Recorded data

========

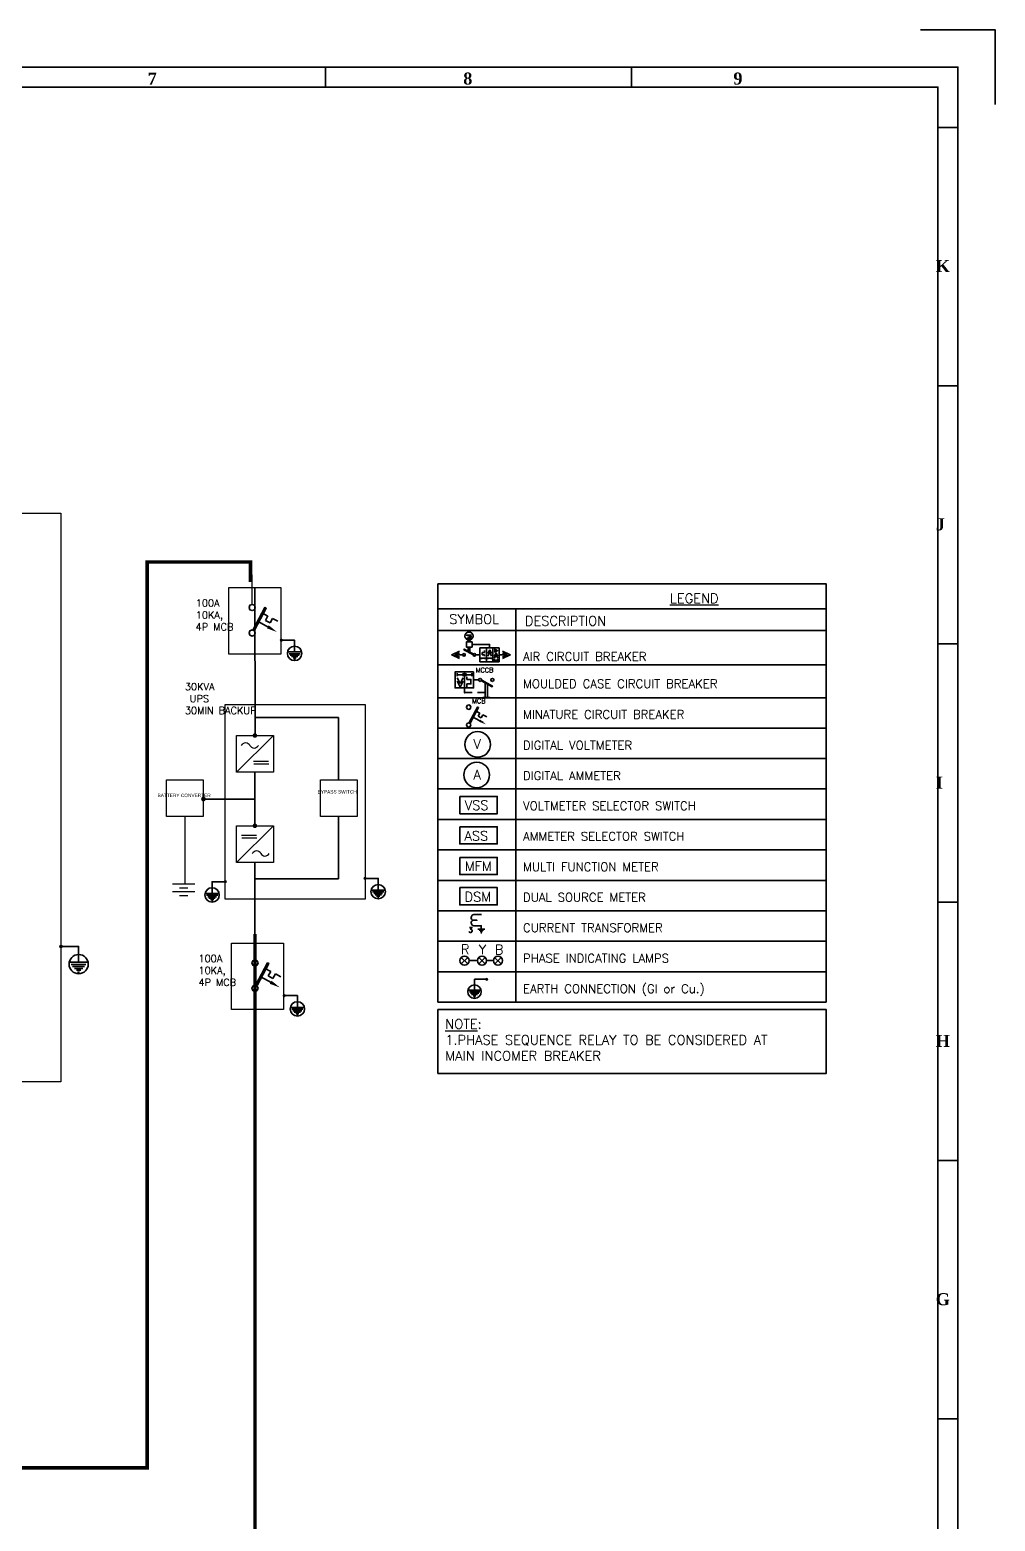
# Model space of a CAD drawing. Header units: millimetres. Extents: x -75054 to -34654, y 1338 to 43854.
# Drawn here: x -48239 to -34654, y 22865 to 43854 of the extents above; entities that cross this region are included whole.
import ezdxf
from ezdxf.lldxf.tags import DXFTag

# ---------------------------------------------------------------- set-up
doc = ezdxf.new("R2010")
doc.units = ezdxf.units.MM
doc.linetypes.add('ACAD_ISO02W100', pattern=[15, 12, -3])
doc.layers.add('TEXT', color=7, linetype='Continuous')
doc.layers.add('TITLE', color=7, linetype='Continuous')
doc.styles.get("Standard").update_dxf_attribs({"font": 'arial.ttf'})
doc.styles.add('Times-Roman', font='times.ttf')
tags = doc.linetypes.add('HIDDEN', pattern=[0.375, 0.25, -0.125]).pattern_tags.tags
tags[6:7] = [DXFTag(74, 4), DXFTag(75, 0), DXFTag(340, '0'), DXFTag(46, 1.0), DXFTag(50, 0.0), DXFTag(44, 0.0), DXFTag(45, 0.0)]
tags[4:5] = [DXFTag(74, 4), DXFTag(75, 0), DXFTag(340, '0'), DXFTag(46, 1.0), DXFTag(50, 0.0), DXFTag(44, 0.0), DXFTag(45, 0.0)]

# ---------------------------------------------------------------- blocks, each defined once
blk = doc.blocks.new('EARTH')
h = blk.add_hatch(color=3)
h.dxf.hatch_style = 2
h.paths.add_polyline_path([(-0.11, 0.11), (-0.16, 0), (0, 0)])
h = blk.add_hatch(color=3)
h.dxf.hatch_style = 2
h.paths.add_polyline_path([(-0.16, 0), (-0.11, -0.11), (0, 0)])
h = blk.add_hatch(color=3)
h.dxf.hatch_style = 2
h.paths.add_polyline_path([(0, 0.16), (-0.11, 0.11), (0, 0)])
h = blk.add_hatch(color=3)
h.dxf.hatch_style = 2
h.paths.add_polyline_path([(-0.11, -0.11), (0, -0.16), (0, 0)])
h = blk.add_hatch(color=3)
h.dxf.hatch_style = 2
h.paths.add_polyline_path([(0.11, 0.11), (0, 0.16), (0, 0)])
h = blk.add_hatch(color=3)
h.dxf.hatch_style = 2
h.paths.add_polyline_path([(0.16, 0), (0.11, 0.11), (0, 0)])
h = blk.add_hatch(color=3)
h.dxf.hatch_style = 2
h.paths.add_polyline_path([(0, -0.16), (0.11, -0.11), (0, 0)])
h = blk.add_hatch(color=3)
h.dxf.hatch_style = 2
h.paths.add_polyline_path([(0.11, -0.11), (0.16, 0), (0, 0)])
at = {"color": 3, "lineweight": 35}
for points in [[(0, 0), (-2.58, 0), (-2.58, -2.31)], [(-3.81, -2.31), (-1.35, -2.31)], [(-3.66, -2.65), (-1.49, -2.65)], [(-3.45, -2.94), (-1.7, -2.94)], [(-3.2, -3.22), (-1.96, -3.22)], [(-2.89, -3.49), (-2.27, -3.49)], [(-2.73, -3.77), (-2.42, -3.77)]]:
    blk.add_lwpolyline(points, dxfattribs=at)
for points in [[(-0.11, 0.11), (-0.16, 0), (0, 0)], [(-0.16, 0), (-0.11, -0.11), (0, 0)], [(0, 0.16), (-0.11, 0.11), (0, 0)], [(-0.11, -0.11), (0, -0.16), (0, 0)], [(0.11, 0.11), (0, 0.16), (0, 0)], [(0.16, 0), (0.11, 0.11), (0, 0)], [(0, -0.16), (0.11, -0.11), (0, 0)], [(0.11, -0.11), (0.16, 0), (0, 0)]]:
    blk.add_lwpolyline(points, close=True, dxfattribs=at)
blk.add_circle((-2.58, -2.59), 1.41, dxfattribs=at)
blk = doc.blocks.new('MCB')
h = blk.add_hatch(color=5)
h.dxf.hatch_style = 2
h.paths.add_polyline_path([(0.327519, -3.787175), (0.125871, -3.678484), (1.864995, -0.451908), (2.066642, -0.560599)])
h = blk.add_hatch(color=5)
h.dxf.hatch_style = 2
h.paths.add_polyline_path([(2.437518, -3.07654), (2.180872, -3.525626), (3.656506, -4.070985)])
at = {"color": 5, "lineweight": 35}
for points in [[(0.458187, -0.458188), (0.323991, -0.134196), (0, 0), (-0.323956, -0.134196), (-0.458188, -0.458188), (-0.323956, -0.782143), (0, -0.91634), (0.323991, -0.782143)], [(0.327519, -3.787175), (0.125871, -3.678484), (1.864995, -0.451908), (2.066642, -0.560599)], [(0.458187, -4.19354), (0.323991, -3.869584), (0, -3.735387), (-0.323956, -3.869584), (-0.458188, -4.19354), (-0.323956, -4.517531), (0, -4.651728), (0.323991, -4.517531)]]:
    blk.add_lwpolyline(points, close=True, dxfattribs=at)
for points in [[(2.316268, -1.713724), (1.429279, -1.235604)], [(2.318561, -1.708891), (1.964125, -2.366504)], [(3.000092, -2.06883), (2.642552, -2.732193)], [(3.784988, -2.491916), (3.000092, -2.06883)], [(3.011593, -3.677496), (0.763834, -2.465952)], [(2.642552, -2.732193), (1.964125, -2.366504)]]:
    blk.add_lwpolyline(points, dxfattribs=at)
blk = doc.blocks.new('LOGO2')
at = {"color": 153, "lineweight": 35}
for points in [[(-17.33, 510.31), (0, 510.31), (0, 492.98)], [(-155.5, 497.02), (-155.5, 501.65)], [(-84.4, 497.02), (-84.4, 501.65)], [(-13.29, 487.65), (-8.66, 487.65)], [(-13.29, 427.69), (-8.66, 427.69)], [(-13.29, 367.72), (-8.66, 367.72)], [(-13.29, 307.75), (-8.66, 307.75)], [(-13.29, 247.78), (-8.66, 247.78)], [(-13.29, 187.81), (-8.66, 187.81)]]:
    blk.add_lwpolyline(points, dxfattribs=at)
for points in [[(-657.85, 501.65), (-657.85, -182.45), (-8.66, -182.45), (-8.66, 501.65)], [(-653.23, 497.02), (-653.23, -177.82), (-13.29, -177.82), (-13.29, 497.02)]]:
    blk.add_lwpolyline(points, close=True, dxfattribs=at)
at = {"layer": 'TITLE', "color": 153, "char_height": 2.8008, "width": 8.5079, "attachment_point": 1}
for s, insert in [('{\\fTimes New Roman|b1|i0|c0|p18; 7}', (-197.81, 500.4)), ('{\\fTimes New Roman|b1|i0|c0|p18;8}', (-123.5, 500.4)), ('{\\fTimes New Roman|b1|i0|c0|p18;9}', (-60.78, 500.4)), ('{\\Fromans|c0; \\fTimes New Roman|b1|i0|c0|p18;K}', (-15.71, 456.87)), ('{\\Fromans|c0; \\fTimes New Roman|b1|i0|c0|p18;J}', (-15.71, 396.9)), ('{\\Fromans|c0; \\fTimes New Roman|b1|i0|c0|p18;I}', (-15.71, 336.93)), ('{\\Fromans|c0; \\fTimes New Roman|b1|i0|c0|p18;H}', (-15.71, 276.96)), ('{\\Fromans|c0; \\fTimes New Roman|b1|i0|c0|p18;G}', (-15.71, 216.99))]:
    blk.add_mtext(s, dxfattribs=dict(at, insert=insert))
blk = doc.blocks.new('CT')
at = {"color": 5, "lineweight": 35}
for points in [[(0.597429, -2.326499), (-0.079375, -2.326499), (-0.244263, -2.282966), (-0.390948, -2.195936), (-0.508176, -2.072041), (-0.586952, -1.920769), (-0.621312, -1.753729), (-0.608577, -1.583655), (-0.549769, -1.423564), (-0.449333, -1.285699), (-0.314995, -1.180642), (0.597429, -1.180642), (-0.314995, -1.180642), (-0.449368, -1.071245), (-0.549522, -0.929887), (-0.608153, -0.766869), (-0.620995, -0.594078), (-0.587093, -0.42418), (-0.508917, -0.269558), (-0.392183, -0.141535), (-0.245427, -0.049424), (-0.079375, 0), (1.573671, 0)], [(0.597429, -2.326499), (1.502763, -2.326499), (1.502763, -3.046695)], [(0.794068, -3.046695), (2.211458, -3.046695)], [(1.030323, -3.297661), (1.975203, -3.297661)], [(1.266543, -3.548592), (1.738983, -3.548592)], [(1.384653, -3.799558), (1.620873, -3.799558)]]:
    blk.add_lwpolyline(points, dxfattribs=at)
at = {"color": 0, "lineweight": 35}
blk.add_lwpolyline([(-1.006157, -2.685451), (-0.453602, -2.685451), (-0.75498, -3.0873), (-0.604308, -3.0873), (-0.503837, -3.137535), (-0.453602, -3.187771), (-0.403366, -3.338478), (-0.403366, -3.438949), (-0.453602, -3.589655), (-0.554073, -3.690126), (-0.704779, -3.740362), (-0.855451, -3.740362), (-1.006157, -3.690126), (-1.056393, -3.639891), (-1.106628, -3.53942)], dxfattribs=at)
blk = doc.blocks.new('MCCB')
h = blk.add_hatch(color=5)
h.dxf.hatch_style = 2
h.paths.add_polyline_path([(0.222815, -2.621421), (0.083256, -2.546174), (1.287039, -0.312773), (1.426633, -0.388021)])
at = {"color": 5, "lineweight": 35}
for points in [[(0.313267, -0.317112), (0.22038, -0.092851), (-0.00388, 0.000035), (-0.228141, -0.092851), (-0.321028, -0.317112), (-0.228141, -0.541373), (-0.00388, -0.634259), (0.22038, -0.541373)], [(0.313267, -2.902691), (0.22038, -2.67843), (-0.00388, -2.585544), (-0.228141, -2.67843), (-0.321028, -2.902691), (-0.228141, -3.126952), (-0.00388, -3.219838), (0.22038, -3.126952)], [(0.222815, -2.621421), (0.083256, -2.546174), (1.287039, -0.312773), (1.426633, -0.388021)], [(-1.676894, -4.248186), (1.669168, -4.248186), (1.669168, -8.136714), (-1.676894, -8.136714)], [(2.647809, -6.181443), (2.698609, -6.181443), (2.698609, -6.130643), (2.647809, -6.130643)]]:
    blk.add_lwpolyline(points, close=True, dxfattribs=at)
for points in [[(0.574322, -1.802201), (3.687304, -1.802201)], [(0.803205, -1.377562), (3.682118, -1.377562)], [(2.636203, -3.415171), (2.636203, -1.802201)], [(3.687304, -0.880604), (3.687304, -2.302263)], [(-1.680774, -6.19245), (1.665288, -6.19245)], [(-0.00388, -3.219838), (-0.00388, -4.248186)], [(1.447059, -6.19245), (2.636203, -6.19245)], [(2.636203, -6.19245), (2.636203, -4.579444)]]:
    blk.add_lwpolyline(points, dxfattribs=at)
at = {"color": 0, "lineweight": 35}
for points in [[(-1.408359, -4.647389), (-0.782144, -4.647389)], [(-1.408359, -5.899821), (-0.782144, -5.899821)], [(-1.095269, -5.899821), (-1.095269, -4.647389)], [(-0.636058, -5.646808), (-0.091087, -5.646808), (-0.091087, -4.811783), (0.831991, -4.811783), (0.831991, -5.646808), (1.473694, -5.646808)], [(-1.408359, -6.479505), (-0.782144, -6.479505)], [(-1.408359, -7.731937), (-0.782144, -7.731937)], [(-1.095269, -7.731937), (-1.095269, -6.479505)], [(0.786765, -7.105721), (-0.465667, -6.479505)], [(0.786765, -7.105721), (-0.465667, -7.731937)], [(1.541463, -7.105721), (0.289031, -6.479505)], [(1.541463, -7.105721), (0.289031, -7.731937)]]:
    blk.add_lwpolyline(points, dxfattribs=at)
blk = doc.blocks.new('ACB1')
h = blk.add_hatch(color=5)
h.dxf.hatch_style = 2
h.paths.add_polyline_path([(4.523069, 0.190924), (4.45971, 0.073378), (2.578593, 1.087297), (2.641952, 1.204842)])
at = {"color": 0, "lineweight": 35}
for points in [[(4.162848, 3.411397), (3.133513, 3.411397), (4.162848, 3.764316), (3.133513, 4.117235), (4.162848, 4.117235)], [(6.426235, 0.526204), (6.426235, 0.024448)], [(6.426235, 0.526204), (6.915502, 0.526204)], [(6.426235, 0.024448), (6.915502, 0.024448)], [(6.915502, 0.902194), (6.915502, 0.526204)], [(6.915502, 0.024448), (6.915502, -0.294851)], [(7.973906, 1.055194), (7.575091, 0.257564)], [(7.973906, 0.56067), (7.575091, -0.236996)], [(7.973906, 1.055194), (8.372757, 0.257564)], [(7.973906, 0.56067), (8.372757, -0.236996)], [(9.08304, 0.886496), (8.912013, 0.886496)], [(9.317037, 0.42859), (8.918186, -0.36904)], [(9.317037, 0.030833), (8.918186, -0.766797)], [(9.08304, 0.46482), (9.08304, 1.308171)], [(9.24821, 0.569701), (9.24821, 1.203325)], [(9.317037, 0.42859), (9.715852, -0.36904)], [(9.317037, 0.030833), (9.715852, -0.766797)], [(9.402515, 0.667632), (9.402515, 1.105359)], [(9.551352, 0.762142), (9.551352, 1.01085)], [(9.700189, 0.824336), (9.700189, 0.94869)], [(6.231995, -0.922125), (6.231995, -0.523275)], [(7.029626, -0.7227), (6.231995, -0.7227)], [(7.029626, -0.922125), (7.029626, -0.523275)], [(7.575091, -0.922125), (7.575091, -0.523275)], [(8.372757, -0.7227), (7.575091, -0.7227)], [(8.372757, -0.922125), (8.372757, -0.523275)], [(8.918186, -1.32154), (8.918186, -0.92269)], [(9.715852, -1.122115), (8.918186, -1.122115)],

========

Where a picture appears, omit it; otherwise reproduce each line above from the first to the one with "import ezdxf", inclusive.

# Model space of a CAD drawing. Header units: millimetres. Extents: x -75054 to -34654, y 1338 to 43854.
# Drawn here: x -48239 to -34654, y 22865 to 43854 of the extents above; entities that cross this region are included whole.
import ezdxf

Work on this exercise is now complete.